--- What is expected ---
From the entries below, extract every line that includes the word "Continuous".

--- Records provided ---
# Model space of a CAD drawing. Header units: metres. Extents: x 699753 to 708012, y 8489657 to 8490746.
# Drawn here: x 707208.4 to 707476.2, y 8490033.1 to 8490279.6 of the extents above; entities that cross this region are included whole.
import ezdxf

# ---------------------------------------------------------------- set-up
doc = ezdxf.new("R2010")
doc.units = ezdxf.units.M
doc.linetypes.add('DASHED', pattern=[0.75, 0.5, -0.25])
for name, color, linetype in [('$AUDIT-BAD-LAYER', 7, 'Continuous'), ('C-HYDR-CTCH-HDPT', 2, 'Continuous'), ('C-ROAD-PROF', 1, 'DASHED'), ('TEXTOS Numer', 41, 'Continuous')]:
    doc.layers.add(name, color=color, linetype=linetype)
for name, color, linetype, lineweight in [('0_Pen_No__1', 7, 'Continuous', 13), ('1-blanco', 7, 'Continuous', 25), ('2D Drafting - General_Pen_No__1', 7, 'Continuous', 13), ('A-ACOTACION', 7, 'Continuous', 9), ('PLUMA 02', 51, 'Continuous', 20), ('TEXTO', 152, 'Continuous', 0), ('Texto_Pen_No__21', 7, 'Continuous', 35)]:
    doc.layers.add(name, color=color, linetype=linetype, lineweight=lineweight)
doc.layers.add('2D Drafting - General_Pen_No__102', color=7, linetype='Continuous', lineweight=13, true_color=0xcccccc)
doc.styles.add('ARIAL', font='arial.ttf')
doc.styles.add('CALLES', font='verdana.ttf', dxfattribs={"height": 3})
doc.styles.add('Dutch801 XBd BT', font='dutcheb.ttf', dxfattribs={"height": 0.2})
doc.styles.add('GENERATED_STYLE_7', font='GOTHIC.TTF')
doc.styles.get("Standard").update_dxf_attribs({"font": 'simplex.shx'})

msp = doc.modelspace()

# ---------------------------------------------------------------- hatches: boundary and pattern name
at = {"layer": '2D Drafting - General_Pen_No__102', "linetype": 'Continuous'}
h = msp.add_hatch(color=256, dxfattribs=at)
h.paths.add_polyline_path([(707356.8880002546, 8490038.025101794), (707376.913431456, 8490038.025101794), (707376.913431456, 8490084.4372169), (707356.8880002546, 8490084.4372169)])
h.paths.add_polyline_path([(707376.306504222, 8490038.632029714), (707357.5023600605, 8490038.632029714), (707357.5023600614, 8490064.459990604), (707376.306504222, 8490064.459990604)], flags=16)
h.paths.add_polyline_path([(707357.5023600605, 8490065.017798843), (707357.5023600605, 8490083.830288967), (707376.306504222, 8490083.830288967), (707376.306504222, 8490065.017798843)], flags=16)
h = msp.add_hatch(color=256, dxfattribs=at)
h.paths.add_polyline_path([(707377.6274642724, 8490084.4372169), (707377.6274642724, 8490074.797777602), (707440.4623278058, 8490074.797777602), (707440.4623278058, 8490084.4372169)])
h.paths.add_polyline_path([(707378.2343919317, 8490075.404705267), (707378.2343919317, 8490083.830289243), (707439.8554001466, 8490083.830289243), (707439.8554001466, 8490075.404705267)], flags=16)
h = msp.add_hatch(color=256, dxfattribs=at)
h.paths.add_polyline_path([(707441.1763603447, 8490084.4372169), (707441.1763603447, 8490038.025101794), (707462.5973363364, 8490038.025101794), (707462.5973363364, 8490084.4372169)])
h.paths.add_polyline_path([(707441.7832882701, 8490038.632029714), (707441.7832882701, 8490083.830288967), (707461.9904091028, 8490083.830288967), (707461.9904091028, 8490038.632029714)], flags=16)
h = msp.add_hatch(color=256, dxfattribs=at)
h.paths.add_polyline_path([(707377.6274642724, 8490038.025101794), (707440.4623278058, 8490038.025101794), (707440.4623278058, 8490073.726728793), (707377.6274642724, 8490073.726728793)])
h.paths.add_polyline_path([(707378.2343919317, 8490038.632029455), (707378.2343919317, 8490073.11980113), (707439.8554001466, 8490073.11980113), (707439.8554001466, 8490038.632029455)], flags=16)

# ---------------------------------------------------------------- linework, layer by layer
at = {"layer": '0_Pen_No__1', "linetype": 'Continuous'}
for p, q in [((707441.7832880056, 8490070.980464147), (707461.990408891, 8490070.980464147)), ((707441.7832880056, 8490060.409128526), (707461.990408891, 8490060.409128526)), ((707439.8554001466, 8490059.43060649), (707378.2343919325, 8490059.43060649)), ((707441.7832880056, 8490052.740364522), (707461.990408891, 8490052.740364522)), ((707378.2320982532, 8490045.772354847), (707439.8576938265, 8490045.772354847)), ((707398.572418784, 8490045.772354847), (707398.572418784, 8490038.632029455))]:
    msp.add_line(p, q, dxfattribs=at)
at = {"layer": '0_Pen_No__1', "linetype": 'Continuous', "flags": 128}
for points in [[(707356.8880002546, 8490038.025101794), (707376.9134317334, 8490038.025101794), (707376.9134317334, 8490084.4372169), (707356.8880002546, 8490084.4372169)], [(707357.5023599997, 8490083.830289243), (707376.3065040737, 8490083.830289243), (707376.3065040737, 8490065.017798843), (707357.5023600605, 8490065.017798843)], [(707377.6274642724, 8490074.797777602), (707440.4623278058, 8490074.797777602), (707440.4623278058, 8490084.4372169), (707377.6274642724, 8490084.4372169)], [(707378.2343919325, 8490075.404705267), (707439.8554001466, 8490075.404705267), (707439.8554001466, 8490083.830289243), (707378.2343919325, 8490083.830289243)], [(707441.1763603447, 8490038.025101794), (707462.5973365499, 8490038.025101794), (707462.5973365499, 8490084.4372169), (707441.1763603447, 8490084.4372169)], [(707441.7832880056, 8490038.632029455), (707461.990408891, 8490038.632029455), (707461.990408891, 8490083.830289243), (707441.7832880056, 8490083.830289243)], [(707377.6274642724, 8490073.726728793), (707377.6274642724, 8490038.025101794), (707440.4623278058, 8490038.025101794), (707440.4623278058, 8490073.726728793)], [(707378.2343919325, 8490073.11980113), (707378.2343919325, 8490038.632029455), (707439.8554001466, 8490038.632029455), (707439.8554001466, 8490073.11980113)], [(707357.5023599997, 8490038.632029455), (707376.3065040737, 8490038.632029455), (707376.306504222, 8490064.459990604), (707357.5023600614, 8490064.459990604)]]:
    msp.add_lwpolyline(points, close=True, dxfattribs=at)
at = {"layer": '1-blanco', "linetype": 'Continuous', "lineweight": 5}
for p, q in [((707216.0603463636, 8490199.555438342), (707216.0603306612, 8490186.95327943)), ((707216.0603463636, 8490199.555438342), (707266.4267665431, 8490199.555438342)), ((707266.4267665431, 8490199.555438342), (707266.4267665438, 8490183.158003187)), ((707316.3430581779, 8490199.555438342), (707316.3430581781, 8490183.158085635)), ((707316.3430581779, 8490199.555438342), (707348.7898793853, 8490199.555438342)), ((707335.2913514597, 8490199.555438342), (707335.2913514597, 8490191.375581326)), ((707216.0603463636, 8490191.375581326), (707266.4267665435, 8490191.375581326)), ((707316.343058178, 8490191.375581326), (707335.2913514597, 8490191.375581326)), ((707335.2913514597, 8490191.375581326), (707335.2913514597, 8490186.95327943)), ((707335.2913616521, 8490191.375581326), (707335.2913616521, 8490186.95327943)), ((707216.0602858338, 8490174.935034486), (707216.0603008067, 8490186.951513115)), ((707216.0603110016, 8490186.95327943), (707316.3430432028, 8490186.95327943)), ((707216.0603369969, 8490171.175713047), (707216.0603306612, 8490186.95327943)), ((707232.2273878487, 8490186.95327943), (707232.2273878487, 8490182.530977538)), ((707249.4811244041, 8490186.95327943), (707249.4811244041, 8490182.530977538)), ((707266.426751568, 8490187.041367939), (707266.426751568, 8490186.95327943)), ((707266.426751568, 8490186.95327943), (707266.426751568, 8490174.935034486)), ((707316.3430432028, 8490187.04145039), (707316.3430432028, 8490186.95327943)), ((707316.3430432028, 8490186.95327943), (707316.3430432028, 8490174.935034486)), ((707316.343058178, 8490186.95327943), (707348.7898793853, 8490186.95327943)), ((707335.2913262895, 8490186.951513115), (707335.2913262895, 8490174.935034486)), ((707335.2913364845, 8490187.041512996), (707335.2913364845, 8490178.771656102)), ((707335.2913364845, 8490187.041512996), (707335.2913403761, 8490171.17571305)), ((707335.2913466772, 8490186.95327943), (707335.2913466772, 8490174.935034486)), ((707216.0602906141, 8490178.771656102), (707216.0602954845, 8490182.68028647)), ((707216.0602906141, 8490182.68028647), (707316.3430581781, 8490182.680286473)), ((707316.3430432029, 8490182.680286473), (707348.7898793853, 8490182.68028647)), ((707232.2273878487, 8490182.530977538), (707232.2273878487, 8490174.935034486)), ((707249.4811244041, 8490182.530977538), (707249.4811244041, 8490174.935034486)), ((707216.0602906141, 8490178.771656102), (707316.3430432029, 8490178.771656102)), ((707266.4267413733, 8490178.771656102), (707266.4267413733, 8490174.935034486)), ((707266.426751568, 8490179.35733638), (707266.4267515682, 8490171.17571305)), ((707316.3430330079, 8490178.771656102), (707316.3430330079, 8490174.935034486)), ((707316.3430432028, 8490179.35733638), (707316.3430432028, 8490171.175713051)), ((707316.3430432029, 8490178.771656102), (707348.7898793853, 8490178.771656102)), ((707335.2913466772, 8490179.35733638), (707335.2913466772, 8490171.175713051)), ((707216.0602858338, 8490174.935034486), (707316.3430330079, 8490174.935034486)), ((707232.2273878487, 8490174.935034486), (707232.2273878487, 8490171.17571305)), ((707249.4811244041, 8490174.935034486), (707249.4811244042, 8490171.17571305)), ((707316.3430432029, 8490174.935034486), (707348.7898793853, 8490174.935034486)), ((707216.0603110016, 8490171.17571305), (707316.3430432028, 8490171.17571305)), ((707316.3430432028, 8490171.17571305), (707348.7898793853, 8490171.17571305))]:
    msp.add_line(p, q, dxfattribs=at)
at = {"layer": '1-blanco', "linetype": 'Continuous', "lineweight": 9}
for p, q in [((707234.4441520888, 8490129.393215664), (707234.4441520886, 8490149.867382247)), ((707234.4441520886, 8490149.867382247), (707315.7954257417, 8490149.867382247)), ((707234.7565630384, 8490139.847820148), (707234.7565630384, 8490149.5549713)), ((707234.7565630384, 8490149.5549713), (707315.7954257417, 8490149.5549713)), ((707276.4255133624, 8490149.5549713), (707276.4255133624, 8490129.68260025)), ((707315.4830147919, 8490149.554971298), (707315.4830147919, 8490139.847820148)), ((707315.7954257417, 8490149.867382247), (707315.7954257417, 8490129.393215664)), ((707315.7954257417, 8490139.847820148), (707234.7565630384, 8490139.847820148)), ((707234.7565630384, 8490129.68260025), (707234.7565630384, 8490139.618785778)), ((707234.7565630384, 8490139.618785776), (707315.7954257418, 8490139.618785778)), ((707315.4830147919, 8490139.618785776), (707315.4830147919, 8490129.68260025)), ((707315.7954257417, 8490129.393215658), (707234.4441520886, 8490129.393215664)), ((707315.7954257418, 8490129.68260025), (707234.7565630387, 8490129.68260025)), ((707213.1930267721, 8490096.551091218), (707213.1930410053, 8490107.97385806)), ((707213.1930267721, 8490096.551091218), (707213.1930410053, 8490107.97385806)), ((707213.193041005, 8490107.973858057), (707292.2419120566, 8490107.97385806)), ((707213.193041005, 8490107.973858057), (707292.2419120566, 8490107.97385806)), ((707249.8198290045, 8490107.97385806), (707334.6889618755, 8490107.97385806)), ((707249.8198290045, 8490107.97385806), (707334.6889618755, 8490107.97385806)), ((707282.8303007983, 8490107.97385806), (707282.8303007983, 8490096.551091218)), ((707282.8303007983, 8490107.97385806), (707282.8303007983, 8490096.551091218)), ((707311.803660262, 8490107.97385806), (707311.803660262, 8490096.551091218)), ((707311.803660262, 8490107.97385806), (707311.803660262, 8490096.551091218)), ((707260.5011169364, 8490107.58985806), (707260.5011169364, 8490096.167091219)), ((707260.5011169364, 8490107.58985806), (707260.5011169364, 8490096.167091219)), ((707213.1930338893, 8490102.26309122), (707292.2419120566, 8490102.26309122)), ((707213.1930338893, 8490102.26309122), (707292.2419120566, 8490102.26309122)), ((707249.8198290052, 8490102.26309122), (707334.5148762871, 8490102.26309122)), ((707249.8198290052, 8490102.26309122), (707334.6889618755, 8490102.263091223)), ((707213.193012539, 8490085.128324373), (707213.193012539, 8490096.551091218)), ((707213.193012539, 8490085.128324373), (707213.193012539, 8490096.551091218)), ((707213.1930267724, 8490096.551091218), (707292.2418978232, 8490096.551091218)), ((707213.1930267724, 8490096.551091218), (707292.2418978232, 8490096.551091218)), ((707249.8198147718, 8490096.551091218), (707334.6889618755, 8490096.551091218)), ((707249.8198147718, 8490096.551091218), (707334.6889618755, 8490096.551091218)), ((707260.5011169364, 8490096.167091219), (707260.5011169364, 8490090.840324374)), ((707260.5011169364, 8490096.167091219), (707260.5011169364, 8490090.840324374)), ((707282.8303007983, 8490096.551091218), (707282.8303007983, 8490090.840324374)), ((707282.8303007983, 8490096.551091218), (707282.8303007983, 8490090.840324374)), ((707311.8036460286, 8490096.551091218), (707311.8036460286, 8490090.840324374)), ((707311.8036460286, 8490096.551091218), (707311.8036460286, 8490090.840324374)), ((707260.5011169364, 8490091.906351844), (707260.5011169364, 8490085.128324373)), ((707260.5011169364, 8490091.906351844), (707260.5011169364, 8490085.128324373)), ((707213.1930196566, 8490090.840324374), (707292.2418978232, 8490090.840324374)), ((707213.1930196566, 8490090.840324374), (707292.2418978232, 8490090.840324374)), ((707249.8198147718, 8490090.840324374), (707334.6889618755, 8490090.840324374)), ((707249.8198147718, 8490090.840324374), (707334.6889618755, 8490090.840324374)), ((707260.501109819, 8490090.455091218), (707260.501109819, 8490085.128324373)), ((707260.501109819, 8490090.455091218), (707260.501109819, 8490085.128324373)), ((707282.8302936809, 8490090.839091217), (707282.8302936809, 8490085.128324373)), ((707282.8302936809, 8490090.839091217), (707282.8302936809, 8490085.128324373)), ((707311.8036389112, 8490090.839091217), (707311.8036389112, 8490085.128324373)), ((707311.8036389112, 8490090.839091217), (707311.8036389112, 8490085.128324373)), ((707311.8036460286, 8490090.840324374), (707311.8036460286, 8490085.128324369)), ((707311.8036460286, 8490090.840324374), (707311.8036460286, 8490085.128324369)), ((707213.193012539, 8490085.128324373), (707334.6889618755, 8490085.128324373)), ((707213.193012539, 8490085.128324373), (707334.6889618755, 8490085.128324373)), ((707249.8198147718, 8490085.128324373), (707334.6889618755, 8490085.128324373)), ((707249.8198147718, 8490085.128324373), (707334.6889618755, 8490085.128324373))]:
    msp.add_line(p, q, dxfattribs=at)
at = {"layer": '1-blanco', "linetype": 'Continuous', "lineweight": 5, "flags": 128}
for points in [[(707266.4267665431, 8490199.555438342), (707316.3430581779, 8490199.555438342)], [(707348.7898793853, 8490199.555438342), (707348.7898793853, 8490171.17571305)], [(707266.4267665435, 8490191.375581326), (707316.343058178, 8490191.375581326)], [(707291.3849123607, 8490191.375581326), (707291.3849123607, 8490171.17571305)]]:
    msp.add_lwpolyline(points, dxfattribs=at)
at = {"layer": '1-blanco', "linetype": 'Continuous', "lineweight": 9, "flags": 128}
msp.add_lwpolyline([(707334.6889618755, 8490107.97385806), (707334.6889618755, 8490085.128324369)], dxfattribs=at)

--- Written answer ---
for name, color, linetype in [('$AUDIT-BAD-LAYER', 7, 'Continuous'), ('C-HYDR-CTCH-HDPT', 2, 'Continuous'), ('C-ROAD-PROF', 1, 'DASHED'), ('TEXTOS Numer', 41, 'Continuous')]:
for name, color, linetype, lineweight in [('0_Pen_No__1', 7, 'Continuous', 13), ('1-blanco', 7, 'Continuous', 25), ('2D Drafting - General_Pen_No__1', 7, 'Continuous', 13), ('A-ACOTACION', 7, 'Continuous', 9), ('PLUMA 02', 51, 'Continuous', 20), ('TEXTO', 152, 'Continuous', 0), ('Texto_Pen_No__21', 7, 'Continuous', 35)]:
doc.layers.add('2D Drafting - General_Pen_No__102', color=7, linetype='Continuous', lineweight=13, true_color=0xcccccc)
at = {"layer": '2D Drafting - General_Pen_No__102', "linetype": 'Continuous'}
at = {"layer": '0_Pen_No__1', "linetype": 'Continuous'}
at = {"layer": '0_Pen_No__1', "linetype": 'Continuous', "flags": 128}
at = {"layer": '1-blanco', "linetype": 'Continuous', "lineweight": 5}
at = {"layer": '1-blanco', "linetype": 'Continuous', "lineweight": 9}
at = {"layer": '1-blanco', "linetype": 'Continuous', "lineweight": 5, "flags": 128}
at = {"layer": '1-blanco', "linetype": 'Continuous', "lineweight": 9, "flags": 128}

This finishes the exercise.